My children went to an outstanding primary that’s five minutes walk from our house. My dd now goes to an outstanding state secondary that’s less than 2 km away. She could have gone to a “good” one five minutes walk away but the other was a better fit. There’s a beautiful huge park 1 km away another 2 km away. Our doctor is literally across the road, dentist the same. The river Thames with forest and a footpath and totally un built up all down one side is ten minutes walk. On the other side are three or four lovely old pubs next to each other with outside seating overlooking the Thames. At the end of my road is a tube station and shopping street with an M&S, TK Maxx, banks, coffee shops. We are less than one km from a well known theatre which my friend brings her children to from outside London each year to see panto, a cinema ten minutes walk the other way. It’s a fab area to live yet I have routinely seen it as an area that is dismissed as dirty, grey and miserable on here and posters warned they wouldn’t be able to walk round at night etc which is just utter nonsense. The time I am always aware of just how much a community our “village” is is on Halloween when huge efforts are made decorating houses etc. We all just stay in our own “village/area” and see the same faces to say hello to, all do a rough regular circuit, tons of pumpkins outside and people getting involved and parents standing chatting while their kids knock on doors. People who call it a dump and a crap hole having never lived here just don’t really understand how it’s actually set up.

Poloshot · 18/11/2018 08:45

London is alright for a day or two, I'm there at least once a month with work. You couldn't pay me enough to live there though. Plus parts of it are more third world than anywhere else in the UK especially with recent goings on.
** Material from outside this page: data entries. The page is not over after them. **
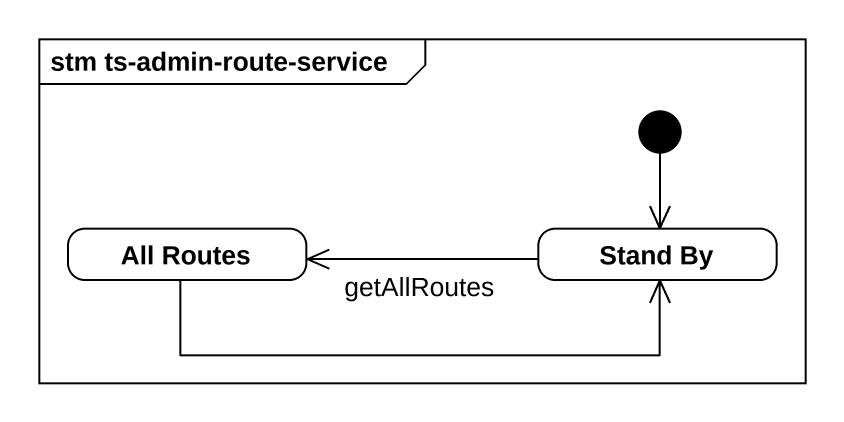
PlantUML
@startuml
mainframe stm ts-admin-route-service
hide empty description
state "All Routes" as All_Routes
state "Stand By" as Stand_By
[*] --> Stand_By
All_Routes -right-> Stand_By
Stand_By -left-> All_Routes : getAllRoutes
@enduml
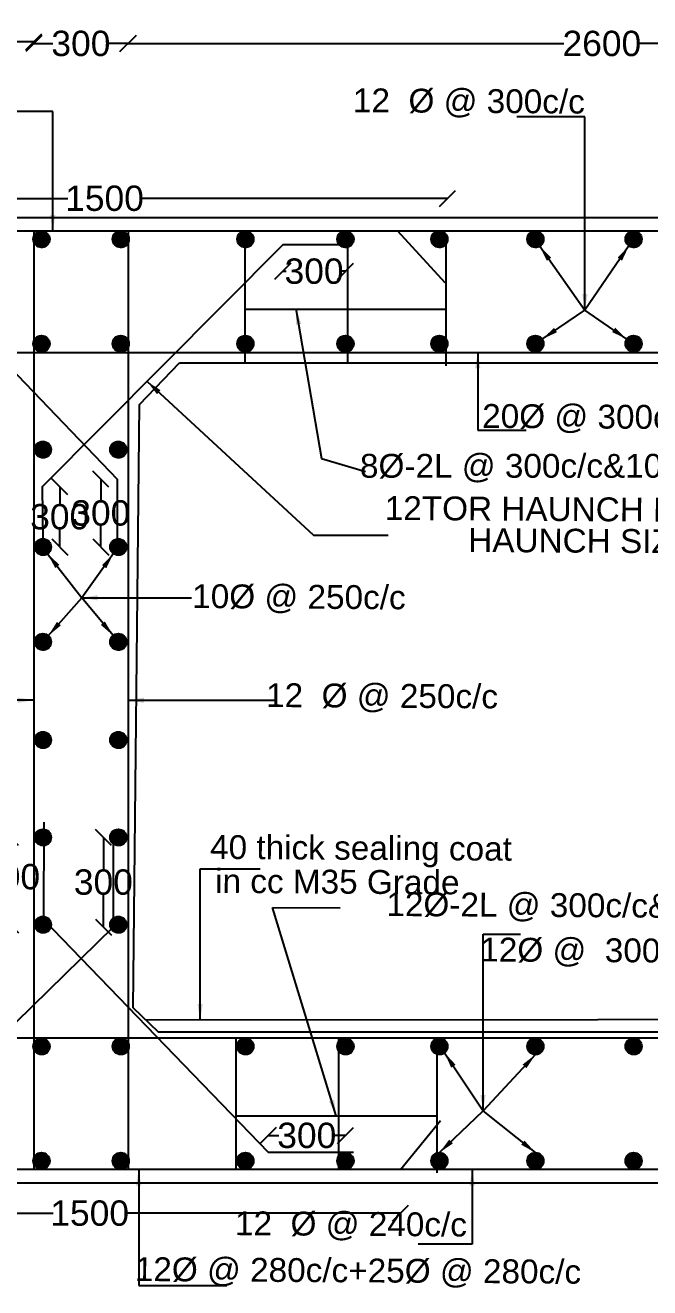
# Model space of a CAD drawing. Header units: millimetres. Extents: x 5124 to 6568637, y 2311 to 91879094.
# Drawn here: x 3780929 to 3784627, y 45938991 to 45946462 of the extents above; entities that cross this region are included whole.
import ezdxf

# ---------------------------------------------------------------- set-up
doc = ezdxf.new("R2010")
doc.units = ezdxf.units.MM
doc.header["$MEASUREMENT"] = 0
doc.layers.add('DIMENSION', color=7, linetype='Continuous')
doc.layers.add('DRAWING', color=7, linetype='Continuous')
doc.styles.get("Standard").update_dxf_attribs({"font": 'arial.ttf', "height": 150})
doc.dimstyles.get("Standard").update_dxf_attribs({"dimtxt": 200, "dimasz": 110, "dimexe": 0.18, "dimexo": 0.0625, "dimgap": 0.09, "dimtad": 0, "dimtih": 1, "dimtoh": 1, "dimdec": 0, "dimzin": 0, "dimdsep": 46, "dimtxsty": 'Standard', "dimblk": 'OBLIQUE', "dimcen": 0.09, "dimse1": 1, "dimse2": 1, "dimadec": 0, "dimazin": 0, "dimtfac": 1, "dimtdec": 0, "dimtofl": 0, "dimtmove": 0, "dimatfit": 3, "dimfxl": 1, "dimtolj": 1, "dimtzin": 0, "dimarcsym": 0})

# ---------------------------------------------------------------- blocks, each defined once
blk = doc.blocks.new('_Oblique')
at = {"color": 0, "linetype": 'ByBlock', "lineweight": -2}
blk.add_line((-0.5, -0.5), (0.5, 0.5), dxfattribs=at)
blk = doc.blocks.new('*D148')
at = {"layer": 'Defpoints', "color": 0}
for p in [(3780979.1, 45946363.2), (3775306, 45945244.2), (3780979.1, 45945244.2)]:
    blk.add_point(p, dxfattribs=at)
at = {"layer": 'DIMENSION', "color": 0, "lineweight": -2}
for p, q in [((3775306, 45946363.2), (3777917.5, 45946363.2)), ((3780979.1, 45946363.2), (3778367.6, 45946363.2))]:
    blk.add_line(p, q, dxfattribs=at)
at = {"layer": 'DIMENSION', "color": 0, "lineweight": -2, "xscale": 95, "yscale": 95, "zscale": 95, "rotation": 180}
blk.add_blockref('_Oblique', (3775306, 45946363.2), dxfattribs=at)
at = {"layer": 'DIMENSION', "color": 0, "lineweight": -2, "xscale": 95, "yscale": 95, "zscale": 95}
blk.add_blockref('_Oblique', (3780979.1, 45946363.2), dxfattribs=at)
at = {"layer": 'DIMENSION', "color": 0, "insert": (3778142.5, 45946363.2), "char_height": 150, "attachment_point": 5}
blk.add_mtext('\\A1;2600', dxfattribs=at)
blk = doc.blocks.new('*D149')
at = {"layer": 'Defpoints', "color": 0}
for p in [(3781537.1, 45946353.3), (3780979.1, 45945244.2), (3781537.1, 45945244.2)]:
    blk.add_point(p, dxfattribs=at)
at = {"layer": 'DIMENSION', "color": 0, "lineweight": -2}
for p, q in [((3780979.1, 45946353.3), (3781092.6, 45946353.3)), ((3781537.1, 45946353.3), (3781423.6, 45946353.3))]:
    blk.add_line(p, q, dxfattribs=at)
at = {"layer": 'DIMENSION', "color": 0, "lineweight": -2, "xscale": 95, "yscale": 95, "zscale": 95, "rotation": 180}
blk.add_blockref('_Oblique', (3780979.1, 45946353.3), dxfattribs=at)
at = {"layer": 'DIMENSION', "color": 0, "lineweight": -2, "xscale": 95, "yscale": 95, "zscale": 95}
blk.add_blockref('_Oblique', (3781537.1, 45946353.3), dxfattribs=at)
at = {"layer": 'DIMENSION', "color": 0, "insert": (3781258.1, 45946353.3), "char_height": 150, "attachment_point": 5}
blk.add_mtext('\\A1;300', dxfattribs=at)
blk = doc.blocks.new('*D150')
at = {"layer": 'Defpoints', "color": 0}
for p in [(3787148.4, 45946353), (3781537.1, 45945219), (3787148.4, 45945244.2)]:
    blk.add_point(p, dxfattribs=at)
at = {"layer": 'DIMENSION', "color": 0, "lineweight": -2}
for p, q in [((3781537.1, 45946353), (3784117.7, 45946353)), ((3787148.4, 45946353), (3784567.8, 45946353))]:
    blk.add_line(p, q, dxfattribs=at)
at = {"layer": 'DIMENSION', "color": 0, "lineweight": -2, "xscale": 95, "yscale": 95, "zscale": 95, "rotation": 180}
blk.add_blockref('_Oblique', (3781537.1, 45946353), dxfattribs=at)
at = {"layer": 'DIMENSION', "color": 0, "lineweight": -2, "xscale": 95, "yscale": 95, "zscale": 95}
blk.add_blockref('_Oblique', (3787148.4, 45946353), dxfattribs=at)
at = {"layer": 'DIMENSION', "color": 0, "insert": (3784342.8, 45946353), "char_height": 150, "attachment_point": 5}
blk.add_mtext('\\A1;2600', dxfattribs=at)
blk = doc.blocks.new('*D151')
at = {"layer": 'Defpoints', "color": 0}
for p in [(3783428.4, 45945437), (3779367.9, 45945244.2), (3783428.4, 45945244.2)]:
    blk.add_point(p, dxfattribs=at)
at = {"layer": 'DIMENSION', "color": 0, "lineweight": -2}
for p, q in [((3779367.9, 45945437), (3781181.4, 45945437)), ((3783428.4, 45945437), (3781614.9, 45945437))]:
    blk.add_line(p, q, dxfattribs=at)
at = {"layer": 'DIMENSION', "color": 0, "lineweight": -2, "xscale": 95, "yscale": 95, "zscale": 95, "rotation": 180}
blk.add_blockref('_Oblique', (3779367.9, 45945437), dxfattribs=at)
at = {"layer": 'DIMENSION', "color": 0, "lineweight": -2, "xscale": 95, "yscale": 95, "zscale": 95}
blk.add_blockref('_Oblique', (3783428.4, 45945437), dxfattribs=at)
at = {"layer": 'DIMENSION', "color": 0, "insert": (3781398.1, 45945437), "char_height": 150, "attachment_point": 5}
blk.add_mtext('\\A1;1500', dxfattribs=at)
blk = doc.blocks.new('*D152')
at = {"layer": 'Defpoints', "color": 0}
for p in [(3782452.9, 45945162.4), (3782824.7, 45945147.1), (3782452.9, 45945005.6)]:
    blk.add_point(p, dxfattribs=at)
at = {"layer": 'DIMENSION', "color": 0, "lineweight": -2}
for p, q in [((3782452.9, 45945005.6), (3782473.3, 45945005.6)), ((3782824.7, 45945005.6), (3782804.3, 45945005.6))]:
    blk.add_line(p, q, dxfattribs=at)
at = {"layer": 'DIMENSION', "color": 0, "lineweight": -2, "xscale": 95, "yscale": 95, "zscale": 95, "rotation": 180}
blk.add_blockref('_Oblique', (3782452.9, 45945005.6), dxfattribs=at)
at = {"layer": 'DIMENSION', "color": 0, "lineweight": -2, "xscale": 95, "yscale": 95, "zscale": 95}
blk.add_blockref('_Oblique', (3782824.7, 45945005.6), dxfattribs=at)
at = {"layer": 'DIMENSION', "color": 0, "insert": (3782638.8, 45945005.6), "char_height": 150, "attachment_point": 5}
blk.add_mtext('\\A1;300', dxfattribs=at)
blk = doc.blocks.new('*D157')
at = {"layer": 'Defpoints', "color": 0}
for p in [(3781033, 45941655.8), (3780841.8, 45941139.3), (3781033, 45941139.3)]:
    blk.add_point(p, dxfattribs=at)
at = {"layer": 'DIMENSION', "color": 0, "lineweight": -2}
for p, q in [((3780841.8, 45941655.8), (3780841.8, 45941499.3)), ((3780841.8, 45941139.3), (3780841.8, 45941345.9))]:
    blk.add_line(p, q, dxfattribs=at)
at = {"layer": 'DIMENSION', "color": 0, "lineweight": -2, "xscale": 95, "yscale": 95, "zscale": 95}
for p, rotation in [((3780841.8, 45941655.8), 90), ((3780841.8, 45941139.3), 270)]:
    blk.add_blockref('_Oblique', p, dxfattribs=dict(at, rotation=rotation))
at = {"layer": 'DIMENSION', "color": 0, "insert": (3780841.8, 45941422.6), "char_height": 150, "attachment_point": 5}
blk.add_mtext('\\A1;300', dxfattribs=at)
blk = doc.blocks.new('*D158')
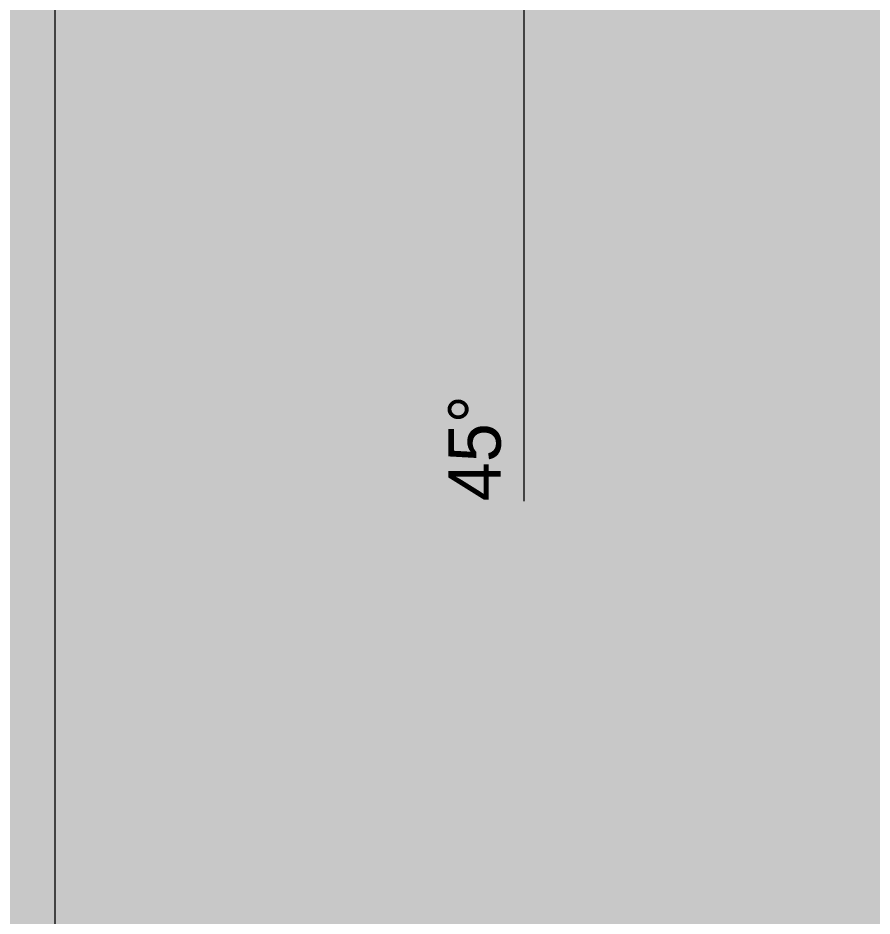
# Model space of a CAD drawing. Header units: metres. Extents: x -4 to 206, y -18 to 45.
# Drawn here: x 51.265 to 52.081, y -3.729 to -2.871 of the extents above; entities that cross this region are included whole.
import ezdxf

# ---------------------------------------------------------------- set-up
doc = ezdxf.new("R2010")
doc.units = ezdxf.units.M
doc.header["$MEASUREMENT"] = 0
for name, color, linetype in [('3._DD PP STG2_4_000 Achsraster', 7, 'Continuous'), ('3._DD PP STG2_4_330 Dachaufbau', 7, 'Continuous'), ('3._DD PP STG2_4_611 Entwässerung', 7, 'Continuous')]:
    doc.layers.add(name, color=color, linetype=linetype)
doc.styles.add('ERSTELLTER_STIL_2', font='')
doc.styles.get('ERSTELLTER_STIL_2').set_extended_font_data('Eurostile')

msp = doc.modelspace()

# ---------------------------------------------------------------- hatches: boundary and pattern name
at = {"layer": '3._DD PP STG2_4_330 Dachaufbau', "linetype": 'Continuous', "lineweight": 0, "true_color": 0x000000}
h = msp.add_hatch(color=18, dxfattribs=at)
h.paths.add_polyline_path([(52.21751, -4.33875), (52.2306, -1.28352), (45.62089, -1.28352), (45.62089, -1.29871), (48.77503, -1.29871), (48.77503, -4.33875)])
h.paths.add_polyline_path([(49.53688, -3.72888), (49.53688, -2.12353), (51.19688, -2.12353), (51.19688, -3.72888)], flags=0)

# ---------------------------------------------------------------- linework, layer by layer
at = {"layer": '3._DD PP STG2_4_000 Achsraster', "color": 5, "linetype": 'Continuous', "lineweight": 0, "ltscale": 1000}
msp.add_line((51.3, 1.99629), (51.3, -16.00371), dxfattribs=at)
at = {"layer": '3._DD PP STG2_4_611 Entwässerung', "color": 250, "linetype": 'Continuous', "lineweight": 13, "ltscale": 1000, "true_color": 0x3f3f3f}
msp.add_line((51.74788, -2.67534), (51.74788, -3.33284), dxfattribs=at)

# ---------------------------------------------------------------- texts
at = {"layer": '3._DD PP STG2_4_611 Entwässerung', "color": 250, "linetype": 'Continuous', "lineweight": 13, "true_color": 0x3f3f3f, "insert": (51.72652, -3.33284), "char_height": 0.05, "attachment_point": 7, "rotation": 90, "style": 'ERSTELLTER_STIL_2'}
msp.add_mtext('\\A1;{\\pql;\\fEurostile|b0|i0|c0|p0;\\W1.000000;45°}', dxfattribs=at)

doc.saveas('drawing.dxf')

Creepyexgirlfriend · 18/11/2018 08:52

Laurie describes it well; a series of villages. I’d call my area more of a small town (Walthamstow), but it has a very local feel indeed, infact when we moved here people would ask where we ‘came from’ (in London) not something I’d experienced before.

whiteroseredrose · 18/11/2018 08:59

@Lauriefairycake that's exactly why I left London.

I realised that my whole life was spent locally. Local shops, local parks, cinema, little theatre etc. I was paying a huge premium for living in London and probably went in a couple of times a year.

I could live as I was doing in any decent town or city.

So I sold my 1.5 bed flat and bought a house initially in Bristol then later a bigger one up North.